The purpose of this study is to assess feasibility of an internet and individual format of mindfulness meditation in people with posttraumatic stress disorder (PTSD) and depression symptoms

The objective of this study is to determine whether participation in a mind-body skills program by war-traumatized adults in Gaza will result in improvement of posttraumatic stress symptoms and depression, and will increase posttraumatic growth compared to a control group.

The objective of this study is to determine whether participation in a mind-body skills program by war-traumatized children in Gaza will result in improvement of posttraumatic stress symptoms, depression, and decreased hopelessness compared to a control group.

Participants are randomly assigned to either 16 sessions of Brief Eclectic Psychotherapy (Gersons et al. (2000) Journal Trauma Stress 13: 333-348), comprising psychoeducation, exposure, mementos and writing assignments, domain of meaning and integration, farewell ritual, or a minimal attention control group that will be offered 16 sessions of BEP after a waiting time of four months. Participants in the minimal attention control group receive monthly telephone calls and complete a symptom self monitoring diary (Tarrier, N. et al. (1999) Behavior Therapy 30: 597-605) for three weeks.

The purpose of this study is to evaluate acupuncture as a treatment for Post-Traumatic Stress Disorder (PTSD) and to correlate the diagnosis of PTSD with Traditional Chinese Medicine (TCM) diagnostic patterns.

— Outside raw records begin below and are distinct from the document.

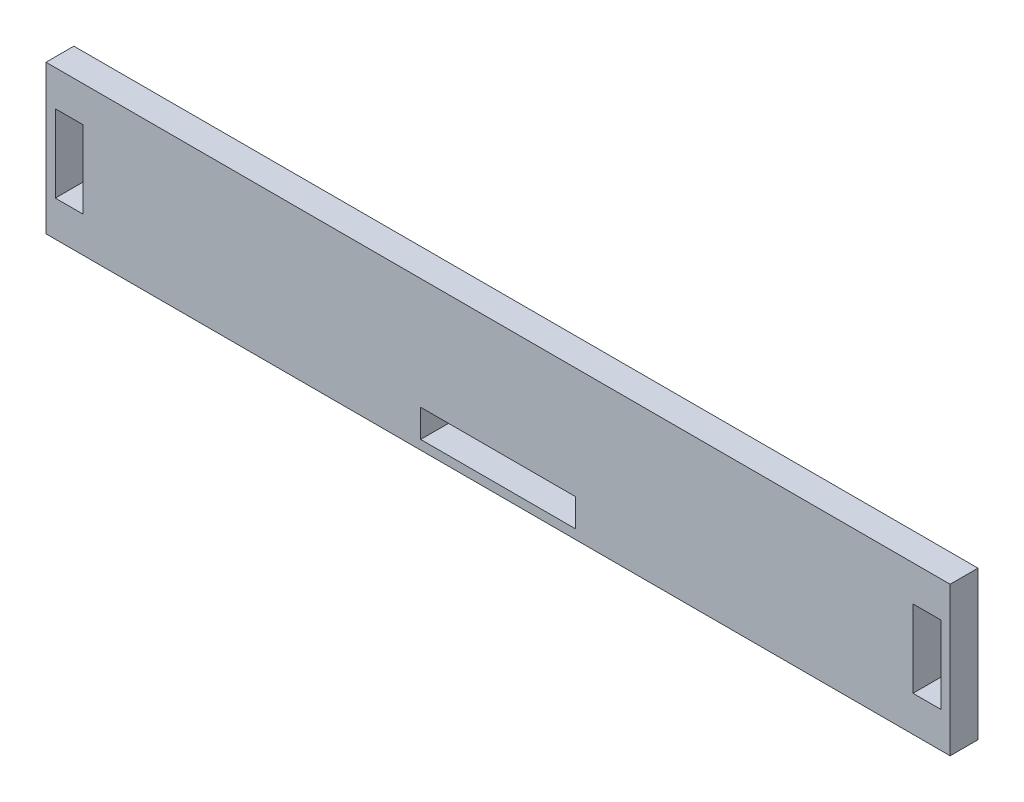
ISO-10303-21;
HEADER;
FILE_DESCRIPTION(('STEP AP214'),'2;1');
FILE_NAME('part.step','',(''),(''),'','','');
FILE_SCHEMA(('AUTOMOTIVE_DESIGN { 1 0 10303 214 1 1 1 1 }'));
ENDSEC;
DATA;
#1=APPLICATION_CONTEXT('core data for automotive mechanical design processes');
#2=APPLICATION_PROTOCOL_DEFINITION('international standard','automotive_design',2000,#1);
#3=PRODUCT_CONTEXT('',#1,'mechanical');
#4=PRODUCT('Part','Part','',(#3));
#5=PRODUCT_RELATED_PRODUCT_CATEGORY('part','',(#4));
#6=PRODUCT_DEFINITION_FORMATION('','',#4);
#7=PRODUCT_DEFINITION_CONTEXT('part definition',#1,'design');
#8=PRODUCT_DEFINITION('design','',#6,#7);
#9=PRODUCT_DEFINITION_SHAPE('','',#8);
#10=(LENGTH_UNIT() NAMED_UNIT(*) SI_UNIT(.MILLI.,.METRE.));
#11=(NAMED_UNIT(*) PLANE_ANGLE_UNIT() SI_UNIT($,.RADIAN.));
#12=(NAMED_UNIT(*) SI_UNIT($,.STERADIAN.) SOLID_ANGLE_UNIT());
#13=UNCERTAINTY_MEASURE_WITH_UNIT(LENGTH_MEASURE(1.E-05),#10,'distance_accuracy_value','');
#14=(GEOMETRIC_REPRESENTATION_CONTEXT(3) GLOBAL_UNCERTAINTY_ASSIGNED_CONTEXT((#13)) GLOBAL_UNIT_ASSIGNED_CONTEXT((#10,
#11,#12)) REPRESENTATION_CONTEXT('',''));
#15=CARTESIAN_POINT('',(0.,0.,0.));
#16=DIRECTION('',(0.,0.,1.));
#17=DIRECTION('',(1.,0.,0.));
#18=AXIS2_PLACEMENT_3D('',#15,#16,#17);
#19=CARTESIAN_POINT('',(0.,0.,18.));
#20=DIRECTION('',(0.,0.,-1.));
#21=DIRECTION('',(-1.,0.,0.));
#22=AXIS2_PLACEMENT_3D('',#19,#20,#21);
#23=PLANE('',#22);
#24=DIRECTION('',(0.,1.,0.));
#25=VECTOR('',#24,1.);
#26=CARTESIAN_POINT('',(24.,73.,18.));
#27=LINE('',#26,#25);
#28=CARTESIAN_POINT('',(24.,23.,18.));
#29=VERTEX_POINT('',#28);
#30=CARTESIAN_POINT('',(24.,73.,18.));
#31=VERTEX_POINT('',#30);
#32=EDGE_CURVE('E182',#29,#31,#27,.T.);
#33=ORIENTED_EDGE('',*,*,#32,.F.);
#34=DIRECTION('',(1.,0.,0.));
#35=VECTOR('',#34,1.);
#36=CARTESIAN_POINT('',(6.,23.,18.));
#37=LINE('',#36,#35);
#38=CARTESIAN_POINT('',(6.,23.,18.));
#39=VERTEX_POINT('',#38);
#40=EDGE_CURVE('E190',#39,#29,#37,.T.);
#41=ORIENTED_EDGE('',*,*,#40,.F.);
#42=DIRECTION('',(0.,-1.,0.));
#43=VECTOR('',#42,1.);
#44=CARTESIAN_POINT('',(6.,73.,18.));
#45=LINE('',#44,#43);
#46=CARTESIAN_POINT('',(6.,73.,18.));
#47=VERTEX_POINT('',#46);
#48=EDGE_CURVE('E187',#47,#39,#45,.T.);
#49=ORIENTED_EDGE('',*,*,#48,.F.);
#50=DIRECTION('',(-1.,0.,0.));
#51=VECTOR('',#50,1.);
#52=CARTESIAN_POINT('',(6.,73.,18.));
#53=LINE('',#52,#51);
#54=EDGE_CURVE('E184',#31,#47,#53,.T.);
#55=ORIENTED_EDGE('',*,*,#54,.F.);
#56=EDGE_LOOP('',(#33,#41,#49,#55));
#57=FACE_BOUND('',#56,.T.);
#58=DIRECTION('',(0.,-1.,0.));
#59=VECTOR('',#58,1.);
#60=CARTESIAN_POINT('',(0.,0.,18.));
#61=LINE('',#60,#59);
#62=CARTESIAN_POINT('',(0.,96.,18.));
#63=VERTEX_POINT('',#62);
#64=CARTESIAN_POINT('',(0.,0.,18.));
#65=VERTEX_POINT('',#64);
#66=EDGE_CURVE('E244',#63,#65,#61,.T.);
#67=ORIENTED_EDGE('',*,*,#66,.T.);
#68=DIRECTION('',(1.,0.,0.));
#69=VECTOR('',#68,1.);
#70=CARTESIAN_POINT('',(0.,0.,18.));
#71=LINE('',#70,#69);
#72=CARTESIAN_POINT('',(584.,0.,18.));
#73=VERTEX_POINT('',#72);
#74=EDGE_CURVE('E247',#65,#73,#71,.T.);
#75=ORIENTED_EDGE('',*,*,#74,.T.);
#76=DIRECTION('',(0.,1.,0.));
#77=VECTOR('',#76,1.);
#78=CARTESIAN_POINT('',(584.,0.,18.));
#79=LINE('',#78,#77);
#80=CARTESIAN_POINT('',(584.,96.,18.));
#81=VERTEX_POINT('',#80);
#82=EDGE_CURVE('E250',#73,#81,#79,.T.);
#83=ORIENTED_EDGE('',*,*,#82,.T.);
#84=DIRECTION('',(-1.,0.,0.));
#85=VECTOR('',#84,1.);
#86=CARTESIAN_POINT('',(0.,96.,18.));
#87=LINE('',#86,#85);
#88=EDGE_CURVE('E252',#81,#63,#87,.T.);
#89=ORIENTED_EDGE('',*,*,#88,.T.);
#90=EDGE_LOOP('',(#67,#75,#83,#89));
#91=FACE_BOUND('',#90,.T.);
#92=DIRECTION('',(0.,1.,0.));
#93=VECTOR('',#92,1.);
#94=CARTESIAN_POINT('',(342.,6.,18.));
#95=LINE('',#94,#93);
#96=CARTESIAN_POINT('',(342.,6.,18.));
#97=VERTEX_POINT('',#96);
#98=CARTESIAN_POINT('',(342.,24.,18.));
#99=VERTEX_POINT('',#98);
#100=EDGE_CURVE('E213',#97,#99,#95,.T.);
#101=ORIENTED_EDGE('',*,*,#100,.F.);
#102=DIRECTION('',(1.,0.,0.));
#103=VECTOR('',#102,1.);
#104=CARTESIAN_POINT('',(242.,6.,18.));
#105=LINE('',#104,#103);
#106=CARTESIAN_POINT('',(242.,6.,18.));
#107=VERTEX_POINT('',#106);
#108=EDGE_CURVE('E221',#107,#97,#105,.T.);
#109=ORIENTED_EDGE('',*,*,#108,.F.);
#110=DIRECTION('',(0.,-1.,0.));
#111=VECTOR('',#110,1.);
#112=CARTESIAN_POINT('',(242.,6.,18.));
#113=LINE('',#112,#111);
#114=CARTESIAN_POINT('',(242.,24.,18.));
#115=VERTEX_POINT('',#114);
#116=EDGE_CURVE('E218',#115,#107,#113,.T.);
#117=ORIENTED_EDGE('',*,*,#116,.F.);
#118=DIRECTION('',(-1.,0.,0.));
#119=VECTOR('',#118,1.);
#120=CARTESIAN_POINT('',(242.,24.,18.));
#121=LINE('',#120,#119);
#122=EDGE_CURVE('E215',#99,#115,#121,.T.);
#123=ORIENTED_EDGE('',*,*,#122,.F.);
#124=EDGE_LOOP('',(#101,#109,#117,#123));
#125=FACE_BOUND('',#124,.T.);
#126=DIRECTION('',(0.,1.,0.));
#127=VECTOR('',#126,1.);
#128=CARTESIAN_POINT('',(578.,73.,18.));
#129=LINE('',#128,#127);
#130=CARTESIAN_POINT('',(578.,23.0000000000001,18.));
#131=VERTEX_POINT('',#130);
#132=CARTESIAN_POINT('',(578.,73.,18.));
#133=VERTEX_POINT('',#132);
#134=EDGE_CURVE('E146',#131,#133,#129,.T.);
#135=ORIENTED_EDGE('',*,*,#134,.F.);
#136=DIRECTION('',(1.,0.,0.));
#137=VECTOR('',#136,1.);
#138=CARTESIAN_POINT('',(578.,23.0000000000001,18.));
#139=LINE('',#138,#137);
#140=CARTESIAN_POINT('',(560.,23.0000000000001,18.));
#141=VERTEX_POINT('',#140);
#142=EDGE_CURVE('E168',#141,#131,#139,.T.);
#143=ORIENTED_EDGE('',*,*,#142,.F.);
#144=DIRECTION('',(0.,-1.,0.));
#145=VECTOR('',#144,1.);
#146=CARTESIAN_POINT('',(560.,73.,18.));
#147=LINE('',#146,#145);
#148=CARTESIAN_POINT('',(560.,73.,18.));
#149=VERTEX_POINT('',#148);
#150=EDGE_CURVE('E166',#149,#141,#147,.T.);
#151=ORIENTED_EDGE('',*,*,#150,.F.);
#152=DIRECTION('',(-1.,0.,0.));
#153=VECTOR('',#152,1.);
#154=CARTESIAN_POINT('',(578.,73.,18.));
#155=LINE('',#154,#153);
#156=EDGE_CURVE('E154',#133,#149,#155,.T.);
#157=ORIENTED_EDGE('',*,*,#156,.F.);
#158=EDGE_LOOP('',(#135,#143,#151,#157));
#159=FACE_BOUND('',#158,.T.);
#160=ADVANCED_FACE('F33',(#57,#91,#125,#159),#23,.F.);
#161=CARTESIAN_POINT('',(0.,0.,0.));
#162=DIRECTION('',(0.,0.,-1.));
#163=DIRECTION('',(-1.,0.,0.));
#164=AXIS2_PLACEMENT_3D('',#161,#162,#163);
#165=PLANE('',#164);
#166=DIRECTION('',(0.,-1.,0.));
#167=VECTOR('',#166,1.);
#168=CARTESIAN_POINT('',(0.,0.,0.));
#169=LINE('',#168,#167);
#170=CARTESIAN_POINT('',(0.,96.,0.));
#171=VERTEX_POINT('',#170);
#172=CARTESIAN_POINT('',(0.,0.,0.));
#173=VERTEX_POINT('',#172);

Despite the prevalence of cannabis use among the PTSD population and self-reports that it is used to help cope with PTSD symptoms, the direct effects of cannabis on PTSD symptomology are unknown. The purpose of this placebo-controlled, within-subject study is to assess the effects of smoked cannabis and orally administered nabilone, a synthetic analog of THC, the primary psychoactive component of cannabis on multiple dimensions of PTSD symptomatology in cannabis smokers with PTSD.